The string "CIRCLE" appears in some lines of the entries that follow; copy each such line.

──────── Available data ────────

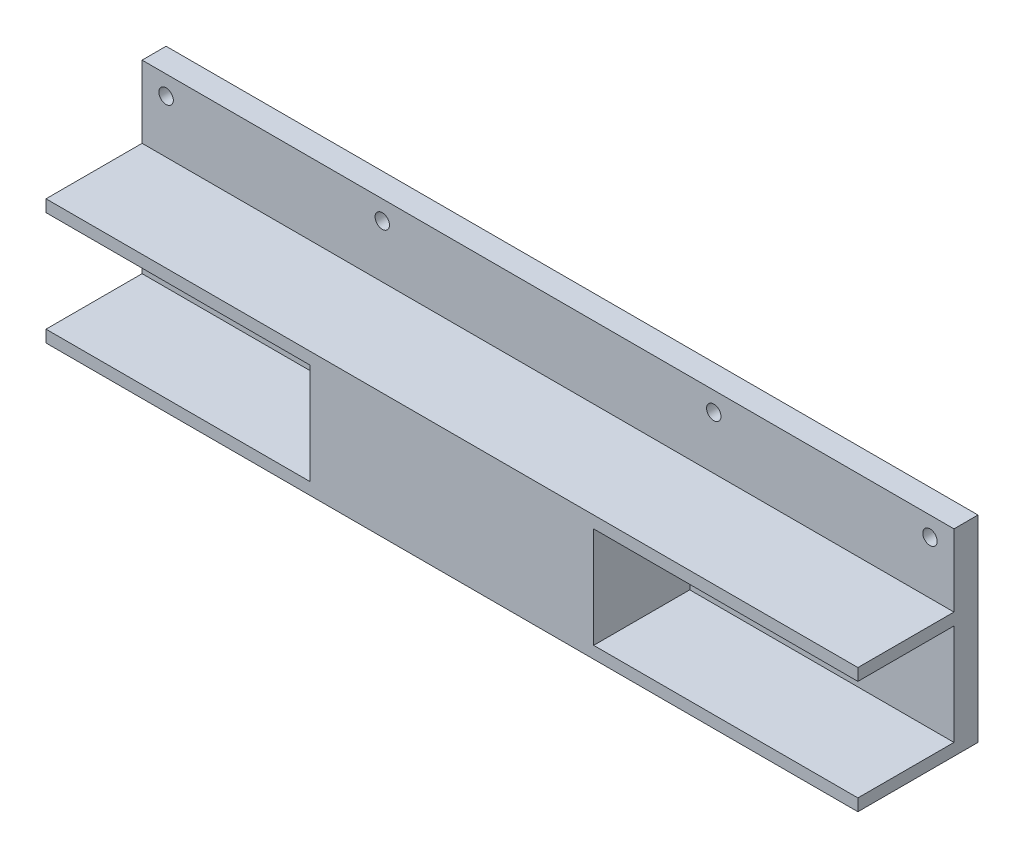
ISO-10303-21;
HEADER;
FILE_DESCRIPTION(('STEP AP214'),'2;1');
FILE_NAME('part.step','',(''),(''),'','','');
FILE_SCHEMA(('AUTOMOTIVE_DESIGN { 1 0 10303 214 1 1 1 1 }'));
ENDSEC;
DATA;
#1=APPLICATION_CONTEXT('core data for automotive mechanical design processes');
#2=APPLICATION_PROTOCOL_DEFINITION('international standard','automotive_design',2000,#1);
#3=PRODUCT_CONTEXT('',#1,'mechanical');
#4=PRODUCT('Part','Part','',(#3));
#5=PRODUCT_RELATED_PRODUCT_CATEGORY('part','',(#4));
#6=PRODUCT_DEFINITION_FORMATION('','',#4);
#7=PRODUCT_DEFINITION_CONTEXT('part definition',#1,'design');
#8=PRODUCT_DEFINITION('design','',#6,#7);
#9=PRODUCT_DEFINITION_SHAPE('','',#8);
#10=(LENGTH_UNIT() NAMED_UNIT(*) SI_UNIT(.MILLI.,.METRE.));
#11=(NAMED_UNIT(*) PLANE_ANGLE_UNIT() SI_UNIT($,.RADIAN.));
#12=(NAMED_UNIT(*) SI_UNIT($,.STERADIAN.) SOLID_ANGLE_UNIT());
#13=UNCERTAINTY_MEASURE_WITH_UNIT(LENGTH_MEASURE(1.E-05),#10,'distance_accuracy_value','');
#14=(GEOMETRIC_REPRESENTATION_CONTEXT(3) GLOBAL_UNCERTAINTY_ASSIGNED_CONTEXT((#13)) GLOBAL_UNIT_ASSIGNED_CONTEXT((#10,
#11,#12)) REPRESENTATION_CONTEXT('',''));
#15=CARTESIAN_POINT('',(0.,0.,0.));
#16=DIRECTION('',(0.,0.,1.));
#17=DIRECTION('',(1.,0.,0.));
#18=AXIS2_PLACEMENT_3D('',#15,#16,#17);
#19=CARTESIAN_POINT('',(0.,0.,5.));
#20=DIRECTION('',(0.,0.,-1.));
#21=DIRECTION('',(-1.,0.,0.));
#22=AXIS2_PLACEMENT_3D('',#19,#20,#21);
#23=PLANE('',#22);
#24=CARTESIAN_POINT('',(-79.5,16.5,5.));
#25=DIRECTION('',(0.,0.,1.));
#26=DIRECTION('',(1.,0.,0.));
#27=AXIS2_PLACEMENT_3D('',#24,#25,#26);
#28=CIRCLE('',#27,1.5);
#29=CARTESIAN_POINT('',(-78.,16.5,5.));
#30=VERTEX_POINT('',#29);
#31=EDGE_CURVE('E210',#30,#30,#28,.T.);
#32=ORIENTED_EDGE('',*,*,#31,.F.);
#33=EDGE_LOOP('',(#32));
#34=FACE_BOUND('',#33,.T.);
#35=CARTESIAN_POINT('',(-34.5,16.5,5.));
#36=DIRECTION('',(0.,0.,1.));
#37=DIRECTION('',(1.,0.,0.));
#38=AXIS2_PLACEMENT_3D('',#35,#36,#37);
#39=CIRCLE('',#38,1.5);
#40=CARTESIAN_POINT('',(-33.,16.5,5.));
#41=VERTEX_POINT('',#40);
#42=EDGE_CURVE('E227',#41,#41,#39,.T.);
#43=ORIENTED_EDGE('',*,*,#42,.F.);
#44=EDGE_LOOP('',(#43));
#45=FACE_BOUND('',#44,.T.);
#46=CARTESIAN_POINT('',(34.5,16.5,5.));
#47=DIRECTION('',(0.,0.,1.));
#48=DIRECTION('',(1.,0.,0.));
#49=AXIS2_PLACEMENT_3D('',#46,#47,#48);
#50=CIRCLE('',#49,1.5);
#51=CARTESIAN_POINT('',(36.,16.5,5.));
#52=VERTEX_POINT('',#51);
#53=EDGE_CURVE('E221',#52,#52,#50,.T.);
#54=ORIENTED_EDGE('',*,*,#53,.F.);
#55=EDGE_LOOP('',(#54));
#56=FACE_BOUND('',#55,.T.);
#57=CARTESIAN_POINT('',(79.5,16.5,5.));
#58=DIRECTION('',(0.,0.,1.));
#59=DIRECTION('',(1.,0.,0.));
#60=AXIS2_PLACEMENT_3D('',#57,#58,#59);
#61=CIRCLE('',#60,1.5);
#62=CARTESIAN_POINT('',(81.,16.5,5.));
#63=VERTEX_POINT('',#62);
#64=EDGE_CURVE('E215',#63,#63,#61,.T.);
#65=ORIENTED_EDGE('',*,*,#64,.F.);
#66=EDGE_LOOP('',(#65));
#67=FACE_BOUND('',#66,.T.);
#68=DIRECTION('',(-1.,0.,0.));
#69=VECTOR('',#68,1.);
#70=CARTESIAN_POINT('',(-84.5,5.49999999999996,5.));
#71=LINE('',#70,#69);
#72=CARTESIAN_POINT('',(84.5,5.49999999999997,5.));
#73=VERTEX_POINT('',#72);
#74=CARTESIAN_POINT('',(-84.5,5.49999999999996,5.));
#75=VERTEX_POINT('',#74);
#76=EDGE_CURVE('E186',#73,#75,#71,.T.);
#77=ORIENTED_EDGE('',*,*,#76,.F.);
#78=DIRECTION('',(0.,1.,0.));
#79=VECTOR('',#78,1.);
#80=CARTESIAN_POINT('',(84.5,-20.5,5.));
#81=LINE('',#80,#79);
#82=CARTESIAN_POINT('',(84.5,20.5,5.));
#83=VERTEX_POINT('',#82);
#84=EDGE_CURVE('E235',#73,#83,#81,.T.);
#85=ORIENTED_EDGE('',*,*,#84,.T.);
#86=DIRECTION('',(-1.,0.,0.));
#87=VECTOR('',#86,1.);
#88=CARTESIAN_POINT('',(-84.5,20.5,5.));
#89=LINE('',#88,#87);
#90=CARTESIAN_POINT('',(-84.5,20.5,5.));
#91=VERTEX_POINT('',#90);
#92=EDGE_CURVE('E237',#83,#91,#89,.T.);
#93=ORIENTED_EDGE('',*,*,#92,.T.);
#94=DIRECTION('',(0.,-1.,0.));
#95=VECTOR('',#94,1.);
#96=CARTESIAN_POINT('',(-84.5,-20.5,5.));
#97=LINE('',#96,#95);
#98=EDGE_CURVE('E240',#91,#75,#97,.T.);
#99=ORIENTED_EDGE('',*,*,#98,.T.);
#100=EDGE_LOOP('',(#77,#85,#93,#99));
#101=FACE_BOUND('',#100,.T.);
#102=ADVANCED_FACE('F33',(#34,#45,#56,#67,#101),#23,.F.);
#103=CARTESIAN_POINT('',(84.5,-20.5,5.));
#104=DIRECTION('',(-1.,0.,0.));
#105=DIRECTION('',(0.,0.,1.));
#106=AXIS2_PLACEMENT_3D('',#103,#104,#105);
#107=PLANE('',#106);
#108=DIRECTION('',(0.,1.,0.));
#109=VECTOR('',#108,1.);
#110=CARTESIAN_POINT('',(84.5,-20.5,25.));
#111=LINE('',#110,#109);
#112=CARTESIAN_POINT('',(84.5,2.99999999999998,25.));
#113=VERTEX_POINT('',#112);
#114=CARTESIAN_POINT('',(84.5,5.49999999999998,25.));
#115=VERTEX_POINT('',#114);
#116=EDGE_CURVE('E198',#113,#115,#111,.T.);
#117=ORIENTED_EDGE('',*,*,#116,.F.);
#118=DIRECTION('',(0.,0.,1.));
#119=VECTOR('',#118,1.);
#120=CARTESIAN_POINT('',(84.5,2.99999999999998,25.));
#121=LINE('',#120,#119);
#122=CARTESIAN_POINT('',(84.5,2.99999999999998,5.));
#123=VERTEX_POINT('',#122);
#124=EDGE_CURVE('E152',#123,#113,#121,.T.);
#125=ORIENTED_EDGE('',*,*,#124,.F.);
#126=DIRECTION('',(0.,1.,0.));
#127=VECTOR('',#126,1.);
#128=CARTESIAN_POINT('',(84.5,2.99999999999998,5.));
#129=LINE('',#128,#127);
#130=CARTESIAN_POINT('',(84.5,-18.,4.99999999999999));
#131=VERTEX_POINT('',#130);
#132=EDGE_CURVE('E278',#131,#123,#129,.T.);
#133=ORIENTED_EDGE('',*,*,#132,.F.);
#134=DIRECTION('',(0.,0.,-1.));
#135=VECTOR('',#134,1.);
#136=CARTESIAN_POINT('',(84.5,-18.,25.));
#137=LINE('',#136,#135);
#138=CARTESIAN_POINT('',(84.5,-18.,25.));
#139=VERTEX_POINT('',#138);
#140=EDGE_CURVE('E275',#139,#131,#137,.T.);
#141=ORIENTED_EDGE('',*,*,#140,.F.);
#142=CARTESIAN_POINT('',(84.5,-20.5,25.));
#143=VERTEX_POINT('',#142);
#144=EDGE_CURVE('E158',#143,#139,#111,.T.);
#145=ORIENTED_EDGE('',*,*,#144,.F.);
#146=DIRECTION('',(0.,0.,-1.));
#147=VECTOR('',#146,1.);
#148=CARTESIAN_POINT('',(84.5,-20.5,5.));
#149=LINE('',#148,#147);
#150=CARTESIAN_POINT('',(84.5,-20.5,0.));
#151=VERTEX_POINT('',#150);
#152=EDGE_CURVE('E242',#143,#151,#149,.T.);
#153=ORIENTED_EDGE('',*,*,#152,.T.);
#154=DIRECTION('',(0.,1.,0.));
#155=VECTOR('',#154,1.);
#156=CARTESIAN_POINT('',(84.5,-20.5,0.));
#157=LINE('',#156,#155);
#158=CARTESIAN_POINT('',(84.5,20.5,0.));
#159=VERTEX_POINT('',#158);
#160=EDGE_CURVE('E214',#151,#159,#157,.T.);
#161=ORIENTED_EDGE('',*,*,#160,.T.);
#162=DIRECTION('',(0.,0.,-1.));
#163=VECTOR('',#162,1.);
#164=CARTESIAN_POINT('',(84.5,20.5,5.));
#165=LINE('',#164,#163);
#166=EDGE_CURVE('E11',#83,#159,#165,.T.);
#167=ORIENTED_EDGE('',*,*,#166,.F.);
#168=ORIENTED_EDGE('',*,*,#84,.F.);
#169=DIRECTION('',(0.,0.,-1.));
#170=VECTOR('',#169,1.);
#171=CARTESIAN_POINT('',(84.5,5.49999999999998,25.));
#172=LINE('',#171,#170);
#173=EDGE_CURVE('E207',#115,#73,#172,.T.);
#174=ORIENTED_EDGE('',*,*,#173,.F.);
#175=EDGE_LOOP('',(#117,#125,#133,#141,#145,#153,#161,#167,#168,#174));
#176=FACE_BOUND('',#175,.T.);
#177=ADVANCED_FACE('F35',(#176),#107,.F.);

────────

» **Finished exercise**
#28=CIRCLE('',#27,1.5);
#39=CIRCLE('',#38,1.5);
#50=CIRCLE('',#49,1.5);
#61=CIRCLE('',#60,1.5);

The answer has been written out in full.